There are no ready-made formulas for solving public
problems. Time and experience are necessary to evolve
patterns that will serve the ends of good government. In the
matter of the administration of the laws relative to the
conduct of elections, x x x we must not by any excessive
zeal take away from the comelec the initiative which by
constitutional and legal mandates properly belongs to it. Due
regard to the independent character of the Commission x x x
requires that the power of this court to review the acts of that
body should, as a general proposition, be used sparingly, but
firmly in appropriate cases.

.This independent constitutional commission, it is true,
possesses extraordinary powers and enjoys a considerable
latitude in the discharge of its functions.
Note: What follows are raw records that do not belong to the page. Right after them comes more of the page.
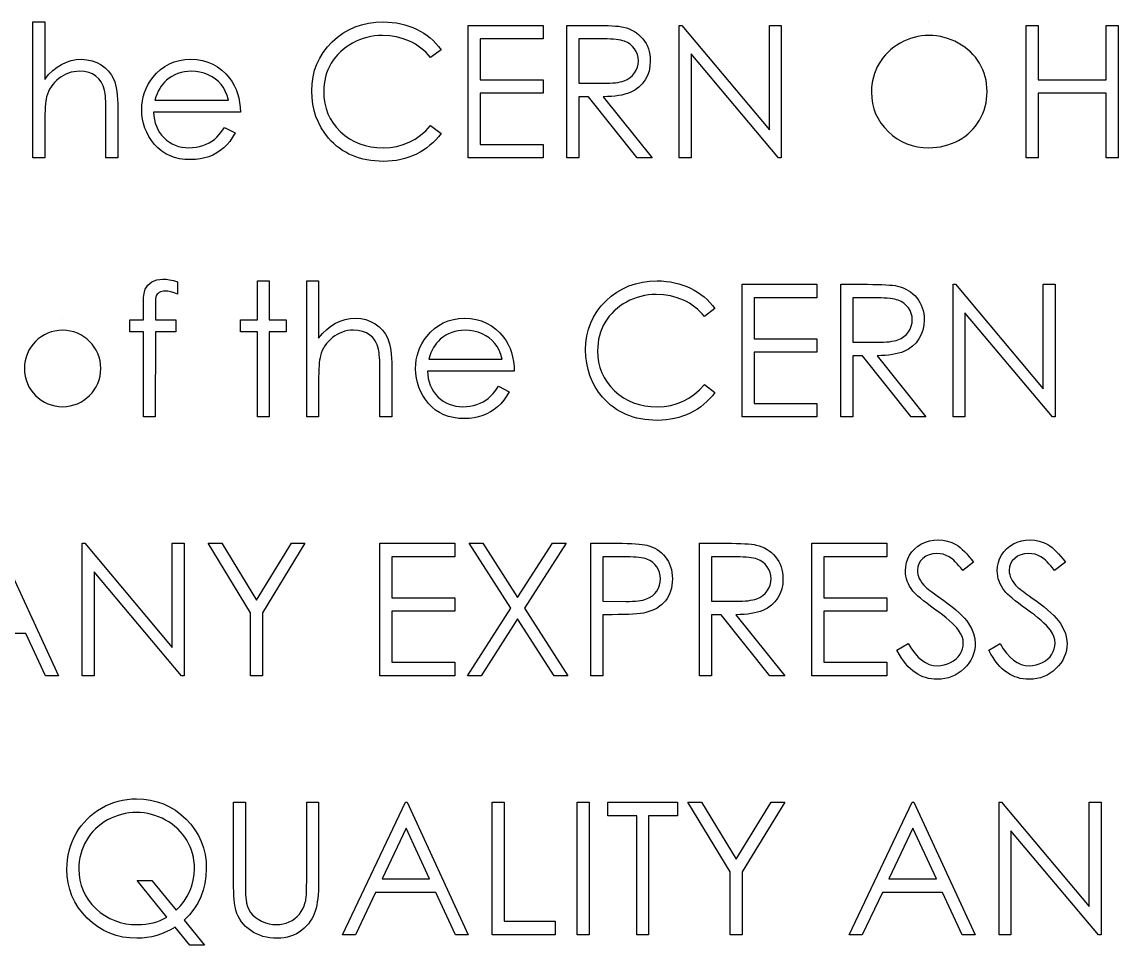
# Model space of a CAD drawing. Header units: millimetres. Extents: x -27 to 266, y -7 to 117.
# Drawn here: x 136.35 to 165.27, y 85.91 to 110.27 of the extents above; entities that cross this region are included whole.
import ezdxf

# ---------------------------------------------------------------- set-up
doc = ezdxf.new("R2010")
doc.units = ezdxf.units.MM

msp = doc.modelspace()

# ---------------------------------------------------------------- linework, layer by layer
at = {"color": 7, "linetype": 'Continuous'}
for p, q in [((160.266, 110.271), (160.266, 110.271)), ((137.427, 102.451), (137.427, 102.451))]:
    msp.add_line(p, q, dxfattribs=at)
at = {"color": 7, "linetype": 'Continuous', "flags": 128}
for points in [[(136.641, 110.271), (136.955, 110.271), (136.955, 110.271), (136.955, 108.756), (136.955, 108.756), (137.058, 108.88), (137.168, 108.987), (137.281, 109.079), (137.401, 109.152), (137.525, 109.21), (137.654, 109.251), (137.788, 109.276), (137.928, 109.284), (137.928, 109.284), (138.069, 109.275), (138.203, 109.248), (138.327, 109.203), (138.444, 109.14), (138.549, 109.061), (138.64, 108.971), (138.716, 108.867), (138.777, 108.751), (138.802, 108.686), (138.824, 108.612), (138.842, 108.53), (138.858, 108.438), (138.869, 108.338), (138.877, 108.23), (138.883, 108.113), (138.884, 107.988), (138.884, 107.988), (138.884, 106.681), (138.884, 106.681), (138.57, 106.681), (138.57, 106.681), (138.57, 107.885), (138.57, 107.885), (138.569, 107.989), (138.568, 108.084), (138.565, 108.171), (138.561, 108.248), (138.556, 108.316), (138.55, 108.375), (138.542, 108.426), (138.534, 108.467), (138.534, 108.467), (138.496, 108.584), (138.445, 108.687), (138.382, 108.773), (138.306, 108.844), (138.217, 108.899), (138.115, 108.938), (138, 108.962), (137.872, 108.97), (137.872, 108.97), (137.797, 108.967), (137.723, 108.958), (137.651, 108.943), (137.581, 108.922), (137.513, 108.894), (137.448, 108.861), (137.384, 108.821), (137.323, 108.775), (137.265, 108.725), (137.212, 108.672), (137.164, 108.616), (137.122, 108.557), (137.084, 108.495), (137.052, 108.431), (137.025, 108.363), (137.003, 108.293), (137.003, 108.293), (136.992, 108.241), (136.982, 108.18), (136.974, 108.11), (136.967, 108.028), (136.962, 107.938), (136.957, 107.837), (136.955, 107.727), (136.955, 107.606), (136.955, 107.606), (136.955, 106.681), (136.955, 106.681), (136.641, 106.681), (136.641, 106.681), (136.641, 110.271)], [(147.41, 109.539), (147.135, 109.329), (147.135, 109.329), (147.075, 109.398), (147.013, 109.464), (146.948, 109.525), (146.88, 109.581), (146.808, 109.633), (146.735, 109.681), (146.657, 109.724), (146.578, 109.764), (146.411, 109.829), (146.236, 109.875), (146.054, 109.903), (145.863, 109.912), (145.863, 109.912), (145.758, 109.909), (145.654, 109.9), (145.553, 109.884), (145.454, 109.862), (145.356, 109.834), (145.26, 109.801), (145.167, 109.76), (145.075, 109.714), (144.987, 109.662), (144.904, 109.606), (144.826, 109.546), (144.753, 109.481), (144.685, 109.412), (144.623, 109.339), (144.565, 109.262), (144.513, 109.18), (144.466, 109.095), (144.426, 109.008), (144.391, 108.918), (144.363, 108.825), (144.342, 108.729), (144.326, 108.632), (144.316, 108.531), (144.314, 108.428), (144.314, 108.428), (144.321, 108.273), (144.342, 108.125), (144.376, 107.983), (144.425, 107.849), (144.488, 107.72), (144.565, 107.598), (144.655, 107.482), (144.76, 107.373), (144.875, 107.275), (144.997, 107.188), (145.127, 107.116), (145.264, 107.057), (145.408, 107.01), (145.56, 106.977), (145.719, 106.957), (145.885, 106.951), (145.885, 106.951), (146.068, 106.96), (146.243, 106.987), (146.411, 107.033), (146.571, 107.097), (146.723, 107.179), (146.869, 107.279), (147.005, 107.397), (147.135, 107.534), (147.135, 107.534), (147.41, 107.326), (147.41, 107.326), (147.342, 107.241), (147.271, 107.16), (147.196, 107.085), (147.117, 107.015), (147.033, 106.949), (146.946, 106.889), (146.854, 106.834), (146.758, 106.783), (146.66, 106.738), (146.558, 106.7), (146.453, 106.667), (146.345, 106.639), (146.235, 106.618), (146.122, 106.604), (146.006, 106.595), (145.887, 106.592), (145.887, 106.592), (145.774, 106.594), (145.664, 106.602), (145.557, 106.613), (145.454, 106.63), (145.353, 106.651), (145.255, 106.678), (145.161, 106.709), (145.069, 106.745), (144.98, 106.785), (144.894, 106.831), (144.811, 106.881), (144.732, 106.936), (144.655, 106.996), (144.581, 107.06), (144.511, 107.129), (144.443, 107.204), (144.443, 107.204), (144.34, 107.336), (144.249, 107.476), (144.173, 107.622), (144.11, 107.775), (144.062, 107.934), (144.028, 108.1), (144.007, 108.272), (144, 108.452), (144, 108.452), (144.008, 108.64), (144.033, 108.821), (144.075, 108.994), (144.134, 109.16), (144.209, 109.318), (144.302, 109.468), (144.41, 109.611), (144.537, 109.746), (144.675, 109.869), (144.822, 109.976), (144.978, 110.066), (145.142, 110.14), (145.314, 110.198), (145.495, 110.238), (145.685, 110.263), (145.883, 110.271), (145.883, 110.271), (146.003, 110.268), (146.121, 110.259), (146.235, 110.244), (146.347, 110.223), (146.456, 110.196), (146.561, 110.163), (146.665, 110.123), (146.764, 110.078), (146.86, 110.028), (146.952, 109.973), (147.04, 109.912), (147.122, 109.848), (147.201, 109.778), (147.275, 109.703), (147.345, 109.623), (147.41, 109.539)], [(148.128, 110.181), (150.102, 110.181), (150.102, 110.181), (150.102, 109.822), (150.102, 109.822), (148.442, 109.822), (148.442, 109.822), (148.442, 108.746), (148.442, 108.746), (150.102, 108.746), (150.102, 108.746), (150.102, 108.387), (150.102, 108.387), (148.442, 108.387), (148.442, 108.387), (148.442, 107.04), (148.442, 107.04), (150.102, 107.04), (150.102, 107.04), (150.102, 106.681), (150.102, 106.681), (148.128, 106.681), (148.128, 106.681), (148.128, 110.181)], [(150.73, 110.181), (151.431, 110.181), (151.431, 110.181), (151.571, 110.181), (151.7, 110.179), (151.816, 110.174), (151.922, 110.17), (152.015, 110.163), (152.096, 110.155), (152.166, 110.145), (152.224, 110.134), (152.224, 110.134), (152.3, 110.113), (152.373, 110.088), (152.442, 110.057), (152.508, 110.021), (152.569, 109.98), (152.628, 109.933), (152.682, 109.882), (152.733, 109.825), (152.779, 109.765), (152.819, 109.7), (152.853, 109.633), (152.88, 109.562), (152.902, 109.488), (152.917, 109.411), (152.926, 109.33), (152.929, 109.245), (152.929, 109.245), (152.921, 109.106), (152.895, 108.976), (152.851, 108.854), (152.791, 108.74), (152.714, 108.638), (152.623, 108.549), (152.517, 108.473), (152.396, 108.41), (152.329, 108.384), (152.256, 108.361), (152.177, 108.342), (152.091, 108.326), (151.999, 108.314), (151.902, 108.305), (151.798, 108.299), (151.688, 108.297), (151.688, 108.297), (152.974, 106.681), (152.974, 106.681), (152.585, 106.681), (152.585, 106.681), (151.3, 108.297), (151.3, 108.297), (151.044, 108.297), (151.044, 108.297), (151.044, 106.681), (151.044, 106.681), (150.73, 106.681), (150.73, 106.681), (150.73, 110.181)], [(153.692, 106.681), (153.692, 110.181), (153.692, 110.181), (153.758, 110.181), (153.758, 110.181), (156.07, 107.427), (156.07, 107.427), (156.07, 110.181), (156.07, 110.181), (156.384, 110.181), (156.384, 110.181), (156.384, 106.681), (156.384, 106.681), (156.313, 106.681), (156.313, 106.681), (154.006, 109.43), (154.006, 109.43), (154.006, 106.681), (154.006, 106.681), (153.692, 106.681)], [(162.846, 110.181), (163.16, 110.181), (163.16, 110.181), (163.16, 108.746), (163.16, 108.746), (164.955, 108.746), (164.955, 108.746), (164.955, 110.181), (164.955, 110.181), (165.269, 110.181), (165.269, 110.181), (165.269, 106.681), (165.269, 106.681), (164.955, 106.681), (164.955, 106.681), (164.955, 108.387), (164.955, 108.387), (163.16, 108.387), (163.16, 108.387), (163.16, 106.681), (163.16, 106.681), (162.846, 106.681), (162.846, 106.681), (162.846, 110.181)], [(160.281, 109.912), (160.181, 109.909), (160.083, 109.9), (159.987, 109.884), (159.891, 109.862), (159.797, 109.834), (159.704, 109.799), (159.613, 109.759), (159.522, 109.712), (159.435, 109.66), (159.353, 109.603), (159.276, 109.542), (159.204, 109.477), (159.137, 109.407), (159.074, 109.334), (159.016, 109.255), (158.964, 109.173), (158.917, 109.087), (158.875, 108.999), (158.841, 108.908), (158.813, 108.814), (158.79, 108.719), (158.775, 108.621), (158.765, 108.521), (158.762, 108.417), (158.762, 108.417), (158.769, 108.266), (158.79, 108.121), (158.825, 107.982), (158.874, 107.849), (158.936, 107.721), (159.013, 107.6), (159.103, 107.485), (159.208, 107.376), (159.322, 107.276), (159.442, 107.19), (159.567, 107.117), (159.698, 107.057), (159.836, 107.01), (159.978, 106.977), (160.127, 106.957), (160.281, 106.951), (160.281, 106.951), (160.385, 106.954), (160.486, 106.963), (160.587, 106.978), (160.685, 107), (160.781, 107.027), (160.875, 107.06), (160.967, 107.1), (161.057, 107.146), (161.144, 107.197), (161.226, 107.252), (161.303, 107.312), (161.375, 107.377), (161.442, 107.446), (161.504, 107.519), (161.561, 107.597), (161.614, 107.68), (161.661, 107.766), (161.701, 107.854), (161.736, 107.945), (161.764, 108.038), (161.786, 108.133), (161.801, 108.231), (161.811, 108.331), (161.814, 108.434), (161.814, 108.434), (161.811, 108.535), (161.801, 108.635), (161.786, 108.732), (161.764, 108.826), (161.736, 108.918), (161.701, 109.007), (161.661, 109.094), (161.614, 109.179), (161.561, 109.26), (161.504, 109.337), (161.441, 109.41), (161.373, 109.479), (161.3, 109.543), (161.222, 109.604), (161.139, 109.66), (161.051, 109.712), (160.96, 109.759), (160.866, 109.799), (160.772, 109.834), (160.677, 109.862), (160.58, 109.884), (160.482, 109.9), (160.382, 109.909), (160.281, 109.912)], [(151.044, 109.822), (151.044, 108.656), (151.044, 108.656), (151.685, 108.651), (151.685, 108.651), (151.775, 108.652), (151.859, 108.655), (151.937, 108.66), (152.009, 108.667), (152.075, 108.676), (152.135, 108.687), (152.189, 108.701), (152.236, 108.716), (152.32, 108.754), (152.395, 108.801), (152.46, 108.858), (152.515, 108.925), (152.559, 108.999), (152.59, 109.077), (152.609, 109.16), (152.615, 109.246), (152.615, 109.246), (152.609, 109.33), (152.59, 109.411), (152.557, 109.487), (152.513, 109.56), (152.459, 109.625), (152.396, 109.681), (152.326, 109.726), (152.248, 109.761), (152.203, 109.776), (152.151, 109.788), (152.093, 109.799), (152.029, 109.807), (151.957, 109.814), (151.878, 109.819), (151.793, 109.822), (151.701, 109.822), (151.701, 109.822), (151.044, 109.822)], [(141.701, 107.489), (141.98, 107.343), (141.98, 107.343), (141.912, 107.226), (141.838, 107.12), (141.759, 107.026), (141.675, 106.945), (141.586, 106.874), (141.492, 106.813), (141.392, 106.759), (141.287, 106.715), (141.175, 106.681), (141.057, 106.656), (140.931, 106.642), (140.799, 106.637), (140.799, 106.637), (140.652, 106.643), (140.513, 106.662), (140.382, 106.693), (140.26, 106.738), (140.146, 106.794), (140.04, 106.864), (139.942, 106.946), (139.853, 107.04), (139.773, 107.143), (139.704, 107.249), (139.646, 107.358), (139.598, 107.471), (139.56, 107.587), (139.533, 107.705), (139.518, 107.828), (139.512, 107.953), (139.512, 107.953), (139.517, 108.071), (139.531, 108.186), (139.554, 108.298), (139.586, 108.406), (139.627, 108.511), (139.678, 108.613), (139.738, 108.712), (139.807, 108.807), (139.807, 108.807), (139.904, 108.919), (140.009, 109.016), (140.122, 109.098), (140.244, 109.165), (140.373, 109.217), (140.509, 109.255), (140.654, 109.276), (140.807, 109.284), (140.807, 109.284), (140.964, 109.276), (141.113, 109.252), (141.254, 109.213), (141.386, 109.159), (141.511, 109.088), (141.628, 109.001), (141.736, 108.898), (141.837, 108.781), (141.837, 108.781), (141.901, 108.689), (141.956, 108.592), (142.004, 108.489), (142.043, 108.381), (142.074, 108.267), (142.096, 108.148), (142.109, 108.023), (142.115, 107.893), (142.115, 107.893), (139.826, 107.893), (139.826, 107.893), (139.833, 107.792), (139.847, 107.695), (139.869, 107.603), (139.9, 107.517), (139.938, 107.434), (139.984, 107.357), (140.039, 107.284), (140.101, 107.215), (140.17, 107.153), (140.242, 107.099), (140.319, 107.054), (140.399, 107.017), (140.483, 106.988), (140.572, 106.968), (140.664, 106.955), (140.76, 106.951), (140.76, 106.951), (140.854, 106.954), (140.945, 106.965), (141.037, 106.984), (141.126, 107.01), (141.213, 107.043), (141.292, 107.08), (141.364, 107.122), (141.43, 107.169), (141.494, 107.226), (141.56, 107.299), (141.63, 107.386), (141.701, 107.489)], [(141.801, 108.207), (141.764, 108.331), (141.718, 108.442), (141.666, 108.539), (141.605, 108.624), (141.537, 108.698), (141.457, 108.765), (141.367, 108.823), (141.267, 108.875), (141.16, 108.917), (141.05, 108.946), (140.938, 108.964), (140.823, 108.97), (140.823, 108.97), (140.729, 108.966), (140.638, 108.955), (140.55, 108.936), (140.467, 108.91), (140.385, 108.876), (140.308, 108.835), (140.235, 108.786), (140.164, 108.73), (140.164, 108.73), (140.115, 108.684), (140.069, 108.632), (140.026, 108.575), (139.987, 108.513), (139.951, 108.444), (139.917, 108.37), (139.887, 108.292), (139.859, 108.207), (139.859, 108.207), (141.801, 108.207)], [(140.455, 103.417), (140.455, 103.09), (140.455, 103.09), (140.365, 103.124), (140.282, 103.149), (140.206, 103.164), (140.136, 103.169), (140.136, 103.169), (140.089, 103.166), (140.046, 103.159), (140.007, 103.146), (139.972, 103.129), (139.943, 103.108), (139.919, 103.086), (139.901, 103.062), (139.89, 103.037), (139.886, 103.021), (139.883, 103), (139.88, 102.974), (139.878, 102.942), (139.876, 102.904), (139.875, 102.862), (139.873, 102.814), (139.873, 102.761), (139.873, 102.761), (139.873, 102.406), (139.873, 102.406), (140.41, 102.406), (140.41, 102.406), (140.41, 102.092), (140.41, 102.092), (139.873, 102.092), (139.873, 102.092), (139.871, 99.848), (139.871, 99.848), (139.557, 99.848), (139.557, 99.848), (139.557, 102.092), (139.557, 102.092), (139.198, 102.092), (139.198, 102.092), (139.198, 102.406), (139.198, 102.406), (139.557, 102.406), (139.557, 102.406), (139.557, 102.815), (139.557, 102.815), (139.558, 102.883), (139.561, 102.945), (139.564, 103.002), (139.57, 103.056), (139.577, 103.103), (139.586, 103.146), (139.596, 103.183), (139.608, 103.216), (139.637, 103.273), (139.676, 103.324), (139.723, 103.37), (139.779, 103.409), (139.843, 103.441), (139.913, 103.465), (139.989, 103.478), (140.072, 103.483), (140.072, 103.483), (140.156, 103.479), (140.248, 103.467), (140.347, 103.446), (140.455, 103.417)], [(142.564, 103.438), (142.878, 103.438), (142.878, 103.438), (142.878, 102.406), (142.878, 102.406), (143.326, 102.406), (143.326, 102.406), (143.326, 102.092), (143.326, 102.092), (142.878, 102.092), (142.878, 102.092), (142.878, 99.848), (142.878, 99.848), (142.564, 99.848), (142.564, 99.848), (142.564, 102.092), (142.564, 102.092), (142.115, 102.092), (142.115, 102.092), (142.115, 102.406), (142.115, 102.406), (142.564, 102.406), (142.564, 102.406), (142.564, 103.438)], [(143.865, 103.438), (144.179, 103.438), (144.179, 103.438), (144.179, 101.923), (144.179, 101.923), (144.283, 102.047), (144.392, 102.154), (144.506, 102.245), (144.625, 102.319), (144.749, 102.376), (144.879, 102.418), (145.013, 102.442), (145.152, 102.451), (145.152, 102.451), (145.294, 102.442), (145.427, 102.415), (145.552, 102.369), (145.668, 102.306), (145.773, 102.228), (145.865, 102.137), (145.94, 102.034), (146.001, 101.918), (146.026, 101.853), (146.048, 101.778), (146.066, 101.696), (146.082, 101.605), (146.093, 101.505), (146.102, 101.397), (146.107, 101.28), (146.109, 101.154), (146.109, 101.154), (146.109, 99.848), (146.109, 99.848), (145.794, 99.848), (145.794, 99.848), (145.794, 101.051), (145.794, 101.051), (145.794, 101.156), (145.792, 101.251), (145.79, 101.337), (145.785, 101.415), (145.78, 101.483), (145.774, 101.542), (145.766, 101.593), (145.758, 101.633), (145.758, 101.633), (145.72, 101.751), (145.67, 101.853), (145.607, 101.94), (145.53, 102.01), (145.441, 102.066), (145.339, 102.105), (145.224, 102.129), (145.097, 102.137), (145.097, 102.137), (145.021, 102.134), (144.947, 102.125), (144.875, 102.109), (144.806, 102.088), (144.738, 102.06), (144.673, 102.027), (144.609, 101.987), (144.547, 101.942), (144.489, 101.891), (144.436, 101.839), (144.389, 101.783), (144.346, 101.724), (144.309, 101.662), (144.276, 101.597), (144.249, 101.529), (144.227, 101.459), (144.227, 101.459), (144.216, 101.408), (144.206, 101.347), (144.198, 101.276), (144.191, 101.195), (144.186, 101.105), (144.182, 101.004), (144.18, 100.894), (144.179, 100.773), (144.179, 100.773), (144.179, 99.848), (144.179, 99.848), (143.865, 99.848), (143.865, 99.848), (143.865, 103.438)], [(154.634, 102.706), (154.359, 102.496), (154.359, 102.496), (154.3, 102.565), (154.237, 102.63), (154.172, 102.691), (154.104, 102.748), (154.033, 102.8), (153.959, 102.848), (153.882, 102.891), (153.802, 102.93), (153.635, 102.995), (153.46, 103.042), (153.278, 103.07), (153.087, 103.079), (153.087, 103.079), (152.982, 103.076), (152.879, 103.066), (152.777, 103.051), (152.678, 103.029), (152.58, 103.001), (152.485, 102.967), (152.391, 102.927), (152.299, 102.88), (152.211, 102.829), (152.128, 102.773), (152.051, 102.712), (151.978, 102.648), (151.91, 102.579), (151.847, 102.506), (151.79, 102.428), (151.737, 102.347), (151.69, 102.262), (151.65, 102.174), (151.616, 102.085), (151.588, 101.991), (151.566, 101.896), (151.551, 101.799), (151.541, 101.698), (151.538, 101.595), (151.538, 101.595), (151.545, 101.44), (151.566, 101.292), (151.6, 101.15), (151.649, 101.016), (151.712, 100.886), (151.789, 100.765), (151.879, 100.649), (151.984, 100.54), (152.099, 100.441), (152.222, 100.355), (152.351, 100.283), (152.488, 100.223), (152.632, 100.177), (152.784, 100.144), (152.943, 100.124), (153.109, 100.117), (153.109, 100.117), (153.292, 100.126), (153.467, 100.154), (153.635, 100.199), (153.796, 100.263), (153.948, 100.345), (154.093, 100.445), (154.23, 100.564), (154.359, 100.701), (154.359, 100.701), (154.634, 100.492), (154.634, 100.492), (154.567, 100.408), (154.495, 100.327), (154.42, 100.252), (154.341, 100.182), (154.258, 100.116), (154.17, 100.056), (154.078, 100), (153.983, 99.95), (153.884, 99.905), (153.782, 99.866), (153.678, 99.833), (153.57, 99.806), (153.46, 99.785), (153.346, 99.77), (153.231, 99.761), (153.111, 99.758), (153.111, 99.758), (152.998, 99.76), (152.888, 99.768), (152.782, 99.78), (152.678, 99.797), (152.577, 99.818), (152.48, 99.845), (152.385, 99.875), (152.293, 99.911), (152.204, 99.952), (152.119, 99.997), (152.036, 100.048), (151.956, 100.103), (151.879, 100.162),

The road, however,
towards successful 2010 automation elections would
certainly be rough and bumpy. The comelec is laboring
under very tight timelines. It would accordingly need the help
of all advocates of orderly and honest elections, of all men
and women of goodwill, to smoothen the way and assist
comelec personnel address the fears expressed about the
integrity of the system. Like anyone else, the Court would
like and wish automated elections to succeed, credibly.

WHEREFORE, the instant petition is hereby DENIED.